CityMag

InDaily

SA Life

Get CityMag in your inbox. Subscribe
April 18, 2019
Commerce

Since 1994: Sportscard World will take you back in time

The independent retailer celebrates 25 years in business this week and exemplifies everything modern retail needs to be in 2019.

  1. 1
  2. 2
  3. 3
  4. 4
  5. 5
  6. 6
  7. 7
  8. 8
  • Pictures and words: Josh Fanning

Matt Maloney and Ben Murphy have been working at Sportscard World since before Sunday Trading was allowed in Adelaide.

“We were in City Centre Arcade for pretty much 24 years,” says Matt.

City Centre Arcade is the one where the Nike Store is on Rundle Mall, and where the new Romeo’s Foodland Supermarket is currently being built.

Remarks

Sportscard World
Shop 5, Regent Arcade
101 Rundle Mall, Adelaide SA 5000

Matt and Ben moved to Regent Arcade last year and this Easter Weekend marks 25 years in business.

While the world has lurched through technological advances and been shrunk into a device we can carry around with us in our purse or pocket, Sportscard World continues to sell photos printed on pieces of cardboard at an astonishing rate.

Just reading 1994 on the store’s sign and saying it out loud feels nostalgic to us.

“It is,” says Matt with a chuckle. “Because we’ve both been here since the day the shop opened and we’ve seen all the different trends, even customers – guys we were dealing with who were 15[-years-old] like we were are now coming back and even bringing their kids to the store.”

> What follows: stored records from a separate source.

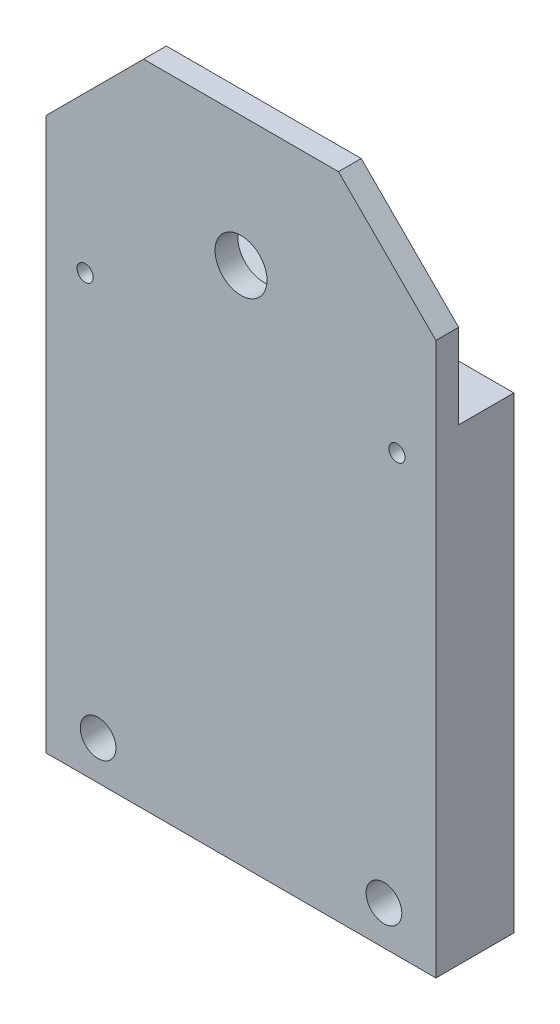
SolidWorks part; units mm, degrees
material "3.1325 (EN-AW 2017A)"
ref_plane "Plan de face" through (0, 0, 0) normal (0, 0, 1) x (1, 0, 0)
ref_plane "Plan de dessus" through (0, 0, 0) normal (0, 1, 0) x (1, 0, 0)
ref_plane "Plan de droite" through (0, 0, 0) normal (1, 0, 0) x (0, 0, -1)
sketch "Esquisse2" plane through (0, 0, 0) normal (0, 0, 1) x (1, 0, 0)
  line L1 (0, 0) -> (60, 0)
  line L2 (0, 0) -> (0, 100)
  line L3 (0, 100) -> (60, 100)
  line L4 (60, 0) -> (60, 100)
  dimension "D1" = 60
  dimension "D2" = 100
extrude "Boss.-Extru.1" add sketch "Esquisse2" along normal blind 12
sketch "Esquisse3" plane through (0, 0, 12) normal (0, 0, 1) x (1, 0, 0)
  line L3 (60, 100) -> (0, 100) construction
  circle A0 centre (30, 80) radius 4
  dimension "D1" = 20
extrude "Enlèv. mat.-Extru.1" cut sketch "Esquisse3" against normal blind 3.5
sketch "Esquisse5" plane through (0, 0, 0) normal (-1, 0, 0) x (0, 0, 1)
  line L0 (12, 100) -> (12, 0) construction
  line L1 (0, 100) -> (8.5, 100)
  line L2 (0, 100) -> (0, 72)
  line L3 (0, 72) -> (8.5, 72)
  line L4 (8.5, 100) -> (8.5, 72)
  line L5 (8.5, 80) -> (12, 80) construction
  dimension "D1" = 3.5
  dimension "D2" = 8
extrude "Enlèv. mat.-Extru.2" cut sketch "Esquisse5" against normal through all
hole_wizard "Trou taraudé M31" positions "Esquisse7" profile "Esquisse6" tap size "M3" standard "ISO" end condition through all
sketch "Esquisse7" plane through (0, 0, 12) normal (0, 0, 1) x (1, 0, 0)
  point P0 (54, 67)
  point P1 (30, 80)
  dimension "D1" = 24
  dimension "D2" = 13
sketch "Esquisse6" plane through (54, 67, 12) normal (1, 0, 0) x (0, -1, 0)
  line L0 (0, 0) -> (0, 12)
  line L1 (0, 12) -> (1.25, 12)
  line L2 (1.25, 12) -> (1.25, 0)
  line L5 (1.25, 0) -> (0, 0)
  line L11 (0, -6.35) -> (0, 107.95) construction
  dimension "Diamètre du trou pour taraudage jusqu'au prochain" = 2.5
  dimension "Profondeur du trou pour taraudage jusqu'au prochain" = 12
cosmetic thread "Filetage de perçage1" parameters "D2"=3
hole_wizard "Trou taraudé M32" positions "Esquisse9" profile "Esquisse8" tap size "M3" standard "ISO" end condition through all
sketch "Esquisse9" plane through (0, 0, 12) normal (0, 0, 1) x (1, 0, 0)
  circle A0 centre (54, 67) radius 1.25 construction
  circle A1 centre (30, 80) radius 4 construction
  point P0 (6, 67)
  dimension "D1" = 0
  dimension "D2" = 24
  dimension "D3" = 13
sketch "Esquisse8" plane through (6, 67, 12) normal (1, 0, 0) x (0, -1, 0)
  line L0 (0, 0) -> (0, 12)
  line L1 (0, 12) -> (1.25, 12)
  line L2 (1.25, 12) -> (1.25, 0)
  line L5 (1.25, 0) -> (0, 0)
  line L11 (0, -6.35) -> (0, 107.95) construction
  dimension "Diamètre du trou pour taraudage jusqu'au prochain" = 2.5
  dimension "Profondeur du trou pour taraudage jusqu'au prochain" = 12
cosmetic thread "Filetage de perçage2" parameters "D2"=3
hole_wizard "Chambrage pour vis à tête hexagonale M51" positions "Esquisse15" profile "Esquisse14" counterbore size "M5" standard "ISO" end condition through all
sketch "Esquisse15" plane through (0, 0, 0) normal (0, 0, -1) x (-1, 0, 0)
  line L0 (0, 0) -> (-60, 0) construction
  line L1 (0, 72) -> (0, 0) construction
  point P0 (-8, 6)
  dimension "D1" = 6
  dimension "D2" = 8
sketch "Esquisse14" plane through (8, 6, 0) normal (1, 0, 0) x (0, 1, 0)
  line L0 (0, 0) -> (0, 12)
  line L1 (0, 12) -> (2.75, 12)
  line L3 (2.75, 12) -> (2.75, 5)
  line L4 (2.75, 5) -> (5, 5)
  line L5 (5, 5) -> (5, 0)
  line L7 (5, 0) -> (0, 0)
  line L11 (0, -6.35) -> (0, 107.95) construction
  dimension "Diamètre du perçage jusqu'au prochain" = 5.5
  dimension "Profondeur du perçage jusqu'au prochain" = 12
  dimension "Diamètre du chambrage" = 10
  dimension "Profondeur du chambrage" = 5
hole_wizard "Chambrage pour vis à tête hexagonale M52" positions "Esquisse17" profile "Esquisse16" counterbore size "M5" standard "ISO" end condition through all
sketch "Esquisse17" plane through (0, 0, 0) normal (0, 0, -1) x (-1, 0, 0)
  line L0 (-60, 0) -> (-60, 72) construction
  line L1 (0, 0) -> (-60, 0) construction
  point P0 (-52, 6)
  dimension "D1" = 8
  dimension "D2" = 6
sketch "Esquisse16" plane through (52, 6, 0) normal (1, 0, 0) x (0, 1, 0)
  line L0 (0, 0) -> (0, 12)
  line L1 (0, 12) -> (2.75, 12)
  line L3 (2.75, 12) -> (2.75, 5)
  line L4 (2.75, 5) -> (5, 5)
  line L5 (5, 5) -> (5, 0)
  line L7 (5, 0) -> (0, 0)
  line L11 (0, -6.35) -> (0, 107.95) construction
  dimension "Diamètre du perçage jusqu'au prochain" = 5.5
  dimension "Profondeur du perçage jusqu'au prochain" = 12
  dimension "Diamètre du chambrage" = 10
  dimension "Profondeur du chambrage" = 5
chamfer "Chanfrein1" distance 15 angle 45 2 edges at (0, 100, 10.25) (60, 100, 10.25)

Lining the walls of the small shop and laid out in glass cabinets around the perimeter of the store are individual and important cards. There are AFL cards and basketball cards. There are cards associated with hit Japanese TV shows like Yu-Gi-Oh!

Sportscard World’s customer base is broad in its age-range but there’s a shared fondness for the heady days of the 1990s when basketball was at the peak of its popularity.

“Michael Jordan,” says Matt. “Michael Jordan, Three Peat Chicago Bulls – that is why I got into this business.”

Matt and Ben disappear into the back of the shop and return moments later with two parcels – one an autographed Michal Jordan card, and the other his Chicago Bulls Rookie card. Both cards are worth money, but they’re worth more than that to Ben and Matt.

“These are for us,” says Matt, “they’re not for sale.”

So why didn’t this shop go out of business when the 2000s came on and Michael Jordan retired (for the third time)?

“It’s a niche market,” says Matt. “We have a niche market and a level of expertise that’s really appreciated by our customers.”

Sportscard World has a website but Matt and Ben don’t sell anything using ecommerce. You can email them and arrange a sale, but the focus is always on the physical.

“We have trade days here, out the front of the shop, where up to 20 or 40 people gather to show off their collection, talk and trade,” says Matt. “We’ve built a community around this store.”

Matt Maloney and Ben Murphhy in the original Sportscard World shop

 

Selling AFL cards has dovetailed nicely with the Adelaide Oval redevelopment, and on game days trade goes through the roof for the Regent Arcade retailer.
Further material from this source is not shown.